Wednesday, 10 October 2007

REDUCE RECOVERY TIMES FOR RAID FAILURES

SYDNEY DATA RECOVERY

DEVELOPS INNOVATIVE SOFTWARE TO REDUCE

RECOVERY TIMES FOR RAID FAILURES

St. Leonards, NSW – Sydney Data Recovery (SDR) ( www.sydneydatarecovery.com.au ), a leading Australian provider of computer data recovery services, has announced the deployment of a new software utility that radically reduces the time it takes to recover data from crashed multiple disk RAID arrays and other Enterprise Storage Systems such as SAN’s and NAS’s.

The proprietary software, used in conjunction with SDR’s RAID Response Service, revolutionizes data recovery for multi-disk storage units. This means minimal disruption to business while the data recovery efforts are underway. In addition, the RAID software allows SDR to reduce recovery times to hours instead of days or weeks over current recovery processes in use in the industry.

“Systems managers put a lot of faith in RAID, but they fail just like any other type of technology,” says SDR’s head of research and development. “To recover data from a six-disk RAID array can take experts days. By automating many of the laborious tasks, we can now reduce this time to only a few hours.”

The technology has been designed to work with any RAID vendor or combination of controllers, scheme or encoding system.
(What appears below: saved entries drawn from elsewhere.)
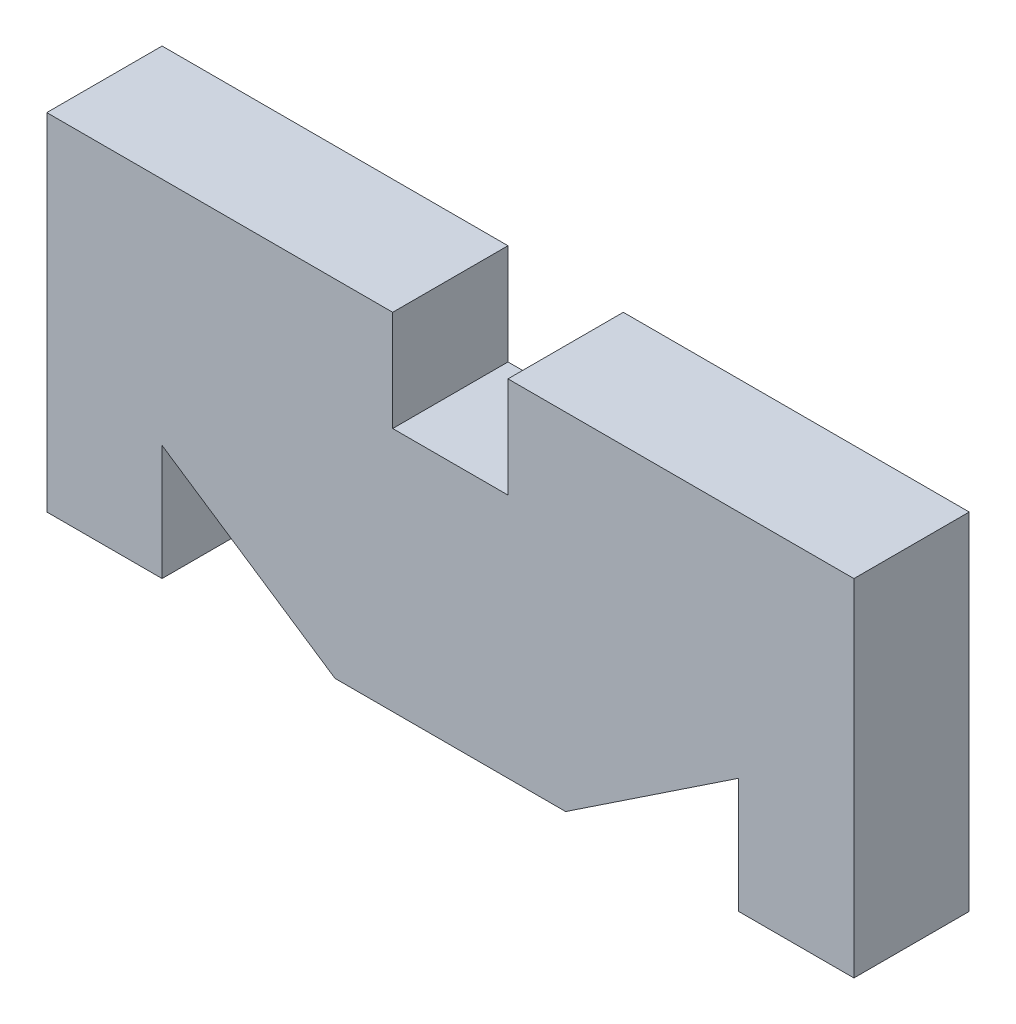
from build123d import *

# Parameters (mm, degrees)
Y_KSEKLIK_EKSTR_ZYON1_DEPTH = 10


with BuildPart() as part:
    # Çizim1 → Yükseklik-Ekstrüzyon1 (new body)
    with BuildSketch(Plane.XY):
        Polygon((-25.037475014, -11), (-25.037475014, -1), (-10.037475014, -11), (9.962524986, -11), (24.962524986, -1), (24.962524986, -11), (34.962524986, -11), (34.962524986, 19), (4.962524986, 19), (4.962524986, 10.269772932), (-5.037475014, 10.269772932), (-5.037475014, 19), (-35.037475014, 19), (-35.037475014, -11), align=None)
    extrude(amount=Y_KSEKLIK_EKSTR_ZYON1_DEPTH)


solid = part.part

Developed by a at CBL Data Recovery Technologies (CBL) labs in the Center for Advanced Industry in Newcastle, UK, is part of an ongoing strategy to create innovative tools to reduce the costs and response time of data recovery from any media or operating system.

“Many data recovery firms simply avoid complex jobs like recovering RAID because the store bought tools simply don’t exist for RAID,” adds Fitzpatrick. “To manually configure a system to help recovery traditionally requires a high degree of technical knowledge and is very time consuming.”

This year marks CBL’s 15th year of successfully offering data recovery services to clients with damaged storage media due to hardware failure, virus activity, system malfunctions, physical damage, file corruption or human error. The new technology has already been successfully used within CBL’s worldwide network of 16 labs in five continents and is now available as part of SDR’s RAID Response Service.

1 comment:

vbrauner said...

CBL has successfully recovered data from all of the disk drives utilized in today's enterprise storage systems running in a variety of operating environments, including:

• Microsoft Windows NT / 2000 / 2003
• Unix
• Novell
• HPUX
• SQL
• Linux
• BSD
• Banyan Vines
• Exchange
• Sun Solaris
• AIX

Among the RAID data recovery projects we recover data for include corrupt databases, deleted and overwritten data files and user directories, failed backups, physically damaged hard drives and RAID configuration problems.